Why is it so hard to find the roots of polynomial equations?
When you try to solve a degree $n$ equation, there are $n$ roots you have to find (in principle) and none of them is favoured over any of the others, which (in some metaphorical sense) means that you have to break an $n$-fold symmetry in order to write down the roots.
Now the symmetry group of the n roots becomes more and more complicated the larger $n$ is. For $n = 2$, it is abelian (and very small!); for $n = 3$ and $4$ it is still solvable (in the technical sense of group theory), which explains the existence of an explicit formula involving radicals (this is due to Galois, and is a part of so-called Galois theory); for $n = 5$ or more this group is non-solvable (in the technical sense of group theory), and this corresponds to the fact that there is no explicit formula involving radicals.
Summary: The complexity of the symmetry group of the $n$ roots leads to a corresponding complexity in explicitly solving the equation.
The idea is basically:
Any monic polynomial can be factored as $f(x) = \prod (x - a_i)$, where $a_{1,\dots,n}$ are the roots of the polynomial.
Now if we expand such a product:
$(x - a_1)(x - a_2) = x^2 - (a_1 + a_2)x + a_1a_2$ $(x - a_1)(x - a_2)(x - a_3) = x^3 - (a_1 + a_2 + a_3)x^2 + (a_1a_2 + a_1a_3 + a_2a_3)x - a_1a_2a_3$
And so on.
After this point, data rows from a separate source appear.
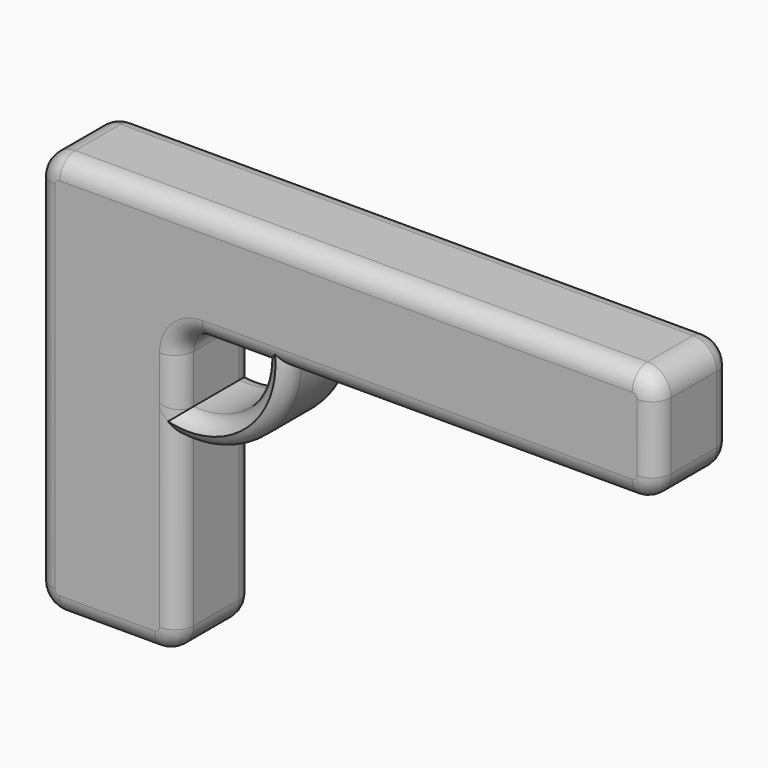
from build123d import *

# Parameters (mm, degrees)
F1_DEPTH      = 12.7
F2_T1_DEPTH   = 153.2337951016
F2_T3_DEPTH   = 95.3043418229
F2_T5_DEPTH   = 25.4
F2_T7_DEPTH   = 17.9600145107
F2_T10_ANGLE  = 90
F2_T12_ANGLE  = 90
F2_T14_ANGLE  = 90
F2_T18_DEPTH  = 58.0173112184
F2_S19_R      = 26.289
F2_T20_DEPTH  = 31
F2_T24_DEPTH  = 58.0173112184
F2_S25_R      = 20.32
F2_T26_DEPTH  = 31
F2_T30_ANGLE  = 149.8775603064
F2_T36_DEPTH  = 105.3526159376
F2_S37_R      = 20.32
F2_T38_DEPTH  = 54
F2_T42_DEPTH  = 105.3526159376
F2_S43_R      = 26.289
F2_T44_DEPTH  = 54
F2_T46_ANGLE  = 90
F2_T48_ANGLE  = 90
F2_T52_ANGLE  = 165.3398529119
F2_T58_DEPTH  = 25.6770160938
F2_S59_R      = 26.289
F2_T60_DEPTH  = 15
F2_T64_DEPTH  = 25.6770160938
F2_S65_R      = 20.32
F2_T66_DEPTH  = 15
F2_T68_ANGLE  = 90
F2_T72_DEPTH  = 28.831179164
F2_S73_R      = 20.32
F2_T74_DEPTH  = 16
F2_T78_DEPTH  = 28.831179164
F2_S79_R      = 26.289
F2_T80_DEPTH  = 16
F2_T82_ANGLE  = 90
F2_T84_ANGLE  = 90
F2_T86_ANGLE  = 90
F2_T90_DEPTH  = 58.0173112184
F2_S91_R      = 26.289
F2_T92_DEPTH  = 31
F2_T96_DEPTH  = 58.0173112184
F2_S97_R      = 20.32
F2_T98_DEPTH  = 31
F2_T102_ANGLE = 149.8775603064
F2_T108_DEPTH = 105.3526159376
F2_S109_R     = 20.32
F2_T110_DEPTH = 54
F2_T114_DEPTH = 105.3526159376
F2_S115_R     = 26.289
F2_T116_DEPTH = 54
F2_T118_ANGLE = 90
F2_T120_ANGLE = 90
F2_T124_ANGLE = 165.3398529119
F2_T130_DEPTH = 25.6770160938
F2_S131_R     = 26.289
F2_T132_DEPTH = 15
F2_T136_DEPTH = 25.6770160938
F2_S137_R     = 20.32
F2_T138_DEPTH = 15
F2_T140_ANGLE = 90
F2_T144_DEPTH = 28.831179164
F2_S145_R     = 20.32
F2_T146_DEPTH = 16
F2_T150_DEPTH = 28.831179164
F2_S151_R     = 26.289
F2_T152_DEPTH = 16
F2_T157_ANGLE = 149.8775603064
F2_T161_DEPTH = 58.0173112184
F2_S162_R     = 26.289
F2_T163_DEPTH = 31
F2_S164_R     = 20.32
F2_T165_DEPTH = 31
F2_T171_DEPTH = 105.3526159376
F2_S172_R     = 26.289
F2_T173_DEPTH = 54
F2_S174_R     = 20.32
F2_T175_DEPTH = 54
F2_T178_ANGLE = 149.8775603064
F2_T185_ANGLE = 165.3398529119
F2_T189_DEPTH = 28.831179164
F2_S190_R     = 26.289
F2_T191_DEPTH = 16
F2_S192_R     = 20.32
F2_T193_DEPTH = 16
F2_T199_ANGLE = 165.3398529119
F2_T203_DEPTH = 25.6770160938
F2_S204_R     = 26.289
F2_T205_DEPTH = 15
F2_S206_R     = 20.32
F2_T207_DEPTH = 15
F2_T213_ANGLE = 149.8775603064
F2_T217_DEPTH = 58.0173112184
F2_S218_R     = 26.289
F2_T219_DEPTH = 31
F2_S220_R     = 20.32
F2_T221_DEPTH = 31
F2_T227_DEPTH = 105.3526159376
F2_S228_R     = 26.289
F2_T229_DEPTH = 54
F2_S230_R     = 20.32
F2_T231_DEPTH = 54
F2_T234_ANGLE = 149.8775603064
F2_T241_DEPTH = 28.831179164
F2_S242_R     = 26.289
F2_T243_DEPTH = 16
F2_S244_R     = 20.32
F2_T245_DEPTH = 16
F2_T248_ANGLE = 165.3398529119
F2_T255_DEPTH = 25.6770160938
F2_S256_R     = 26.289
F2_T257_DEPTH = 15
F2_S258_R     = 20.32
F2_T259_DEPTH = 15
F2_T262_ANGLE = 165.3398529119


# Not quite as in the source:
# - a fillet or chamfer that OpenCascade refuses, or shapes differently, is made with other operations: its cross-section is extruded or revolved along the edge and cut away or added


with BuildPart() as f1:
    # F0 (on Front) → F1 (new body, symmetric)
    with BuildSketch(Plane.XZ):
        with BuildLine():
            Line((-31.75, -76.2), (-6.35, -76.2))
            ThreePointArc((-6.35, -76.2), (-1.8598719395, -74.3401280605), (0, -69.85))
            Line((0, -69.85), (0, -24.5326887816))
            ThreePointArc((0, -24.5326887816), (20.0309214376, -17.9992996084), (28.831179164, 1.1443273122))
            Line((28.831179164, 1.1443273122), (121.4837951016, 1.1443273122))
            ThreePointArc((121.4837951016, 1.1443273122), (125.9739231621, 3.0041992516), (127.8337951016, 7.4943273122))
            Line((127.8337951016, 7.4943273122), (127.8337951016, 25.4543418229))
            ThreePointArc((127.8337951016, 25.4543418229), (125.9739231621, 29.9444698834), (121.4837951016, 31.8043418229))
            Line((121.4837951016, 31.8043418229), (-31.75, 31.8043418229))
            ThreePointArc((-31.75, 31.8043418229), (-36.2401280605, 29.9444698834), (-38.1, 25.4543418229))
            Line((-38.1, 25.4543418229), (-38.1, -69.85))
            ThreePointArc((-38.1, -69.85), (-36.2401280605, -74.3401280605), (-31.75, -76.2))
        make_face()
        with BuildLine():
            Line((0, -18.1826887816), (0, -5.2056726878))
            ThreePointArc((0, -5.2056726878), (1.8598719395, -0.7155446273), (6.35, 1.1443273122))
            Line((6.35, 1.1443273122), (22.481179164, 1.1443273122))
            ThreePointArc((22.481179164, 1.1443273122), (15.4268166396, -13.3885987579), (0, -18.1826887816))
        make_face(mode=Mode.SUBTRACT)
    extrude(amount=F1_DEPTH, both=True)

    # F2: fillet of radius 5.08 on 32 edges, made by hand

    # F2_s2 → F2_t1 (cut)
    with BuildSketch(Plane.YZ.offset(-31.75)):
        with BuildLine():
            ThreePointArc((-7.62, 31.8043418229), (-11.2121024484, 30.3164442713), (-12.7, 26.7243418229))
            Line((-12.7, 26.7243418229), (-12.7, 31.8043418229))
            Line((-12.7, 31.8043418229), (-7.62, 31.8043418229))
        make_face()
        with BuildLine():
            ThreePointArc((7.62, 31.8043418229), (11.2121024484, 30.3164442713), (12.7, 26.7243418229))
            Line((12.7, 26.7243418229), (12.7, 31.8043418229))
            Line((12.7, 31.8043418229), (7.62, 31.8043418229))
        make_face()
    extrude(amount=F2_T1_DEPTH, mode=Mode.SUBTRACT)

    # F2_s4 → F2_t3 (cut)
    with BuildSketch(Plane.XY.offset(-69.85)):
        with BuildLine():
            ThreePointArc((-38.1, -7.62), (-36.6121024484, -11.2121024484), (-33.02, -12.7))
            Line((-33.02, -12.7), (-38.1, -12.7))
            Line((-38.1, -12.7), (-38.1, -7.62))
        make_face()
        with BuildLine():
            ThreePointArc((-38.1, 7.62), (-36.6121024484, 11.2121024484), (-33.02, 12.7))
            Line((-33.02, 12.7), (-38.1, 12.7))
            Line((-38.1, 12.7), (-38.1, 7.62))
        make_face()
    extrude(amount=F2_T3_DEPTH, mode=Mode.SUBTRACT)

    # F2_s6 → F2_t5 (cut)
    with BuildSketch(Plane.YZ.offset(-31.75)):
        with BuildLine():
            ThreePointArc((-7.62, -76.2), (-11.2121024484, -74.7121024484), (-12.7, -71.12))
            Line((-12.7, -71.12), (-12.7, -76.2))
            Line((-12.7, -76.2), (-7.62, -76.2))
        make_face()
        with BuildLine():
            ThreePointArc((7.62, -76.2), (11.2121024484, -74.7121024484), (12.7, -71.12))
            Line((12.7, -71.12), (12.7, -76.2))
            Line((12.7, -76.2), (7.62, -76.2))
        make_face()
    extrude(amount=F2_T5_DEPTH, mode=Mode.SUBTRACT)

    # F2_s8 → F2_t7 (cut)
    with BuildSketch(Plane.XY.offset(7.4943273122)):
        with BuildLine():
            ThreePointArc((127.8337951016, -7.62), (126.34589755, -11.2121024484), (122.7537951016, -12.7))
            Line((122.7537951016, -12.7), (127.8337951016, -12.7))
            Line((127.8337951016, -12.7), (127.8337951016, -7.62))
        make_face()
        with BuildLine():
            ThreePointArc((127.8337951016, 7.62), (126.34589755, 11.2121024484), (122.7537951016, 12.7))
            Line((122.7537951016, 12.7), (127.8337951016, 12.7))
            Line((127.8337951016, 12.7), (127.8337951016, 7.62))
        make_face()
    extrude(amount=F2_T7_DEPTH, mode=Mode.SUBTRACT)

    # F2_s9 → F2_t10 (revolve, cut)
    with BuildSketch(Plane.YZ.offset(-31.75)):
        with BuildLine():
            ThreePointArc((-12.7, 26.7243418229), (-11.2121024484, 30.3164442713), (-7.62, 31.8043418229))
            Line((-7.62, 31.8043418229), (-12.7, 31.8043418229))
            Line((-12.7, 31.8043418229), (-12.7, 26.7243418229))
        make_face()
    revolve(axis=Axis((-31.75, -12.7, 25.4543418229), (0, -1, 0)), revolution_arc=F2_T10_ANGLE, mode=Mode.SUBTRACT)

    # F2_s11 → F2_t12 (revolve, cut)
    with BuildSketch(Plane.XY.offset(-69.85)):
        with BuildLine():
            ThreePointArc((-38.1, -7.62), (-36.6121024484, -11.2121024484), (-33.02, -12.7))
            Line((-33.02, -12.7), (-38.1, -12.7))
            Line((-38.1, -12.7), (-38.1, -7.62))
        make_face()
    revolve(axis=Axis((-31.75, -12.7, -69.85), (0, -1, 0)), revolution_arc=F2_T12_ANGLE, mode=Mode.SUBTRACT)

    # F2_s13 → F2_t14 (revolve, cut)
    with BuildSketch(Plane.YZ.offset(-6.35)):
        with BuildLine():
            ThreePointArc((-7.62, -76.2), (-11.2121024484, -74.7121024484), (-12.7, -71.12))
            Line((-12.7, -71.12), (-12.7, -76.2))
            Line((-12.7, -76.2), (-7.62, -76.2))
        make_face()
    revolve(axis=Axis((-6.35, -12.7, -69.85), (0, -1, 0)), revolution_arc=F2_T14_ANGLE, mode=Mode.SUBTRACT)


with BuildPart() as f2_tool16:
    # F2_s17 → F2_t18 (new body)
    with BuildSketch(Plane.XY.offset(-69.85)):
        with BuildLine():
            ThreePointArc((0, -7.62), (-1.4878975516, -11.2121024484), (-5.08, -12.7))
            Line((-5.08, -12.7), (0, -12.7))
            Line((0, -12.7), (0, -7.62))
        make_face()
    extrude(amount=F2_T18_DEPTH)

    # F2_s19 → F2_t20 (cut, symmetric)
    with BuildSketch(Plane.XZ.offset(10.2)):
        with Locations((2.5467151815, 1.6326654637)):
            Circle(F2_S19_R)
    extrude(amount=F2_T20_DEPTH, both=True, mode=Mode.SUBTRACT)


with BuildPart() as f1_1:
    add(f1.part)

    # F2_t15: cut F2_tool16
    add(f2_tool16.part, mode=Mode.SUBTRACT)


with BuildPart() as f2_tool22:
    # F2_s23 → F2_t24 (new body)
    with BuildSketch(Plane.XY.offset(-69.85)):
        with BuildLine():
            ThreePointArc((0, -7.62), (-1.4878975516, -11.2121024484), (-5.08, -12.7))
            Line((-5.08, -12.7), (0, -12.7))
            Line((0, -12.7), (0, -7.62))
        make_face()
    extrude(amount=F2_T24_DEPTH)

    # F2_s25 → F2_t26 (intersect, symmetric)
    with BuildSketch(Plane.XZ.offset(10.2)):
        with Locations((2.1800572993, 2.0200276241)):
            Circle(F2_S25_R)
    extrude(amount=F2_T26_DEPTH, both=True, mode=Mode.INTERSECT)


with BuildPart() as f1_2:
    add(f1_1.part)

    # F2_t21: cut F2_tool22
    add(f2_tool22.part, mode=Mode.SUBTRACT)


with BuildPart() as f2_tool28:
    # F2_s29 → F2_t30 (revolve)
    with BuildSketch(Plane(origin=(1.0324526072, 0, -0.6769199165), x_dir=(0, 1, 0), z_dir=(-0.8362808351, 0, 0.5483013449))):
        with BuildLine():
            ThreePointArc((-7.62, 23.5272658034), (-11.2121024484, 22.0393682518), (-12.7, 18.4472658034))
            Line((-12.7, 18.4472658034), (-12.7, 23.5272658034))
            Line((-12.7, 23.5272658034), (-7.62, 23.5272658034))
        make_face()
    revolve(axis=Axis((2.5467151815, -12.7, 1.6326654637), (0, -1, 0)), revolution_arc=F2_T30_ANGLE)

    split(bisect_by=Plane.XY.offset(1.1443273122), keep=Keep.BOTTOM)

    split(bisect_by=Plane.YZ, keep=Keep.TOP)


with BuildPart() as f1_3:
    add(f1_2.part)

    # F2_t27: cut F2_tool28
    add(f2_tool28.part, mode=Mode.SUBTRACT)


with BuildPart() as f2_tool34:
    # F2_s35 → F2_t36 (new body)
    with BuildSketch(Plane.YZ.offset(16.131179164)):
        with BuildLine():
            ThreePointArc((-7.62, 1.1443273122), (-11.2121024484, 2.6322248637), (-12.7, 6.2243273122))
            Line((-12.7, 6.2243273122), (-12.7, 1.1443273122))
            Line((-12.7, 1.1443273122), (-7.62, 1.1443273122))
        make_face()
    extrude(amount=F2_T36_DEPTH)

    # F2_s37 → F2_t38 (intersect, symmetric)
    with BuildSketch(Plane.XZ.offset(10.2)):
        with Locations((2.1800572993, 2.0200276241)):
            Circle(F2_S37_R)
    extrude(amount=F2_T38_DEPTH, both=True, mode=Mode.INTERSECT)


with BuildPart() as f1_4:
    add(f1_3.part)

    # F2_t33: cut F2_tool34
    add(f2_tool34.part, mode=Mode.SUBTRACT)


with BuildPart() as f2_tool40:
    # F2_s41 → F2_t42 (new body)
    with BuildSketch(Plane.YZ.offset(16.131179164)):
        with BuildLine():
            ThreePointArc((-7.62, 1.1443273122), (-11.2121024484, 2.6322248637), (-12.7, 6.2243273122))
            Line((-12.7, 6.2243273122), (-12.7, 1.1443273122))
            Line((-12.7, 1.1443273122), (-7.62, 1.1443273122))
        make_face()
    extrude(amount=F2_T42_DEPTH)

    # F2_s43 → F2_t44 (cut, symmetric)
    with BuildSketch(Plane.XZ.offset(10.2)):
        with Locations((2.5467151815, 1.6326654637)):
            Circle(F2_S43_R)
    extrude(amount=F2_T44_DEPTH, both=True, mode=Mode.SUBTRACT)


with BuildPart() as f1_5:
    add(f1_4.part)

    # F2_t39: cut F2_tool40
    add(f2_tool40.part, mode=Mode.SUBTRACT)

    # F2_s45 → F2_t46 (revolve, cut)
    with BuildSketch(Plane.YZ.offset(121.4837951016)):
        with BuildLine():
            ThreePointArc((-7.62, 1.1443273122), (-11.2121024484, 2.6322248637), (-12.7, 6.2243273122))
            Line((-12.7, 6.2243273122), (-12.7, 1.1443273122))
            Line((-12.7, 1.1443273122), (-7.62, 1.1443273122))
        make_face()
    revolve(axis=Axis((121.4837951016, -12.7, 7.4943273122), (0, -1, 0)), revolution_arc=F2_T46_ANGLE, mode=Mode.SUBTRACT)

    # F2_s47 → F2_t48 (revolve, cut)
    with BuildSketch(Plane.XY.offset(25.4543418229)):
        with BuildLine():
            ThreePointArc((127.8337951016, -7.62), (126.34589755, -11.2121024484), (122.7537951016, -12.7))
            Line((122.7537951016, -12.7), (127.8337951016, -12.7))
            Line((127.8337951016, -12.7), (127.8337951016, -7.62))
        make_face()
    revolve(axis=Axis((121.4837951016, -12.7, 25.4543418229), (0, -1, 0)), revolution_arc=F2_T48_ANGLE, mode=Mode.SUBTRACT)


with BuildPart() as f2_tool50:
    # F2_s51 → F2_t52 (revolve)
    with BuildSketch(Plane(origin=(-0.2686553541, 0, 0.4081266668), x_dir=(0, 1, 0), z_dir=(-0.5498321217, 0, 0.835275187))):
        with BuildLine():
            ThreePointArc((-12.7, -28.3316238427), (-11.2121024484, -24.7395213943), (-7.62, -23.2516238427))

The pattern should be clear.
This means that finding the roots of a polynomial is in fact equivalent to solving systems like the following:
For a quadratic polynomial $x^2 - px + q$, find $a_1,a_2$, such that
$p = a_1 + a_2$
$q = a_1a_2$
For a cubic polynomial $x^3 - px^2 + qx - r$, find $a_1,a_2,a_3$, such that
$p = a_1 + a_2 + a_3$
$q = a_1a_2 + a_1a_3 + a_2a_3$
$r = a_1 a_2 a_3$
And similarly for higher degree polynomials.
Not surprisingly, the amount of "unfolding" that needs to be done to solve the quadratic system is much less than the amount of "unfolding" needed for the cubic system.
The reason why polynomials of degree 5 or higher are not solvable by radicals, can be thought of as: The structure (symmetries) of the system for such a polynomial just doesn't match any of the structures that can be obtained by combining the structures of the elementary operations (adding subtracting, multiplication, division, and taking roots).
For a different take, some practical problems are discussed in Wilkinson's classic article The Perfidious Polynomial. If you can't access it, check what Wikipedia has to say on the subject.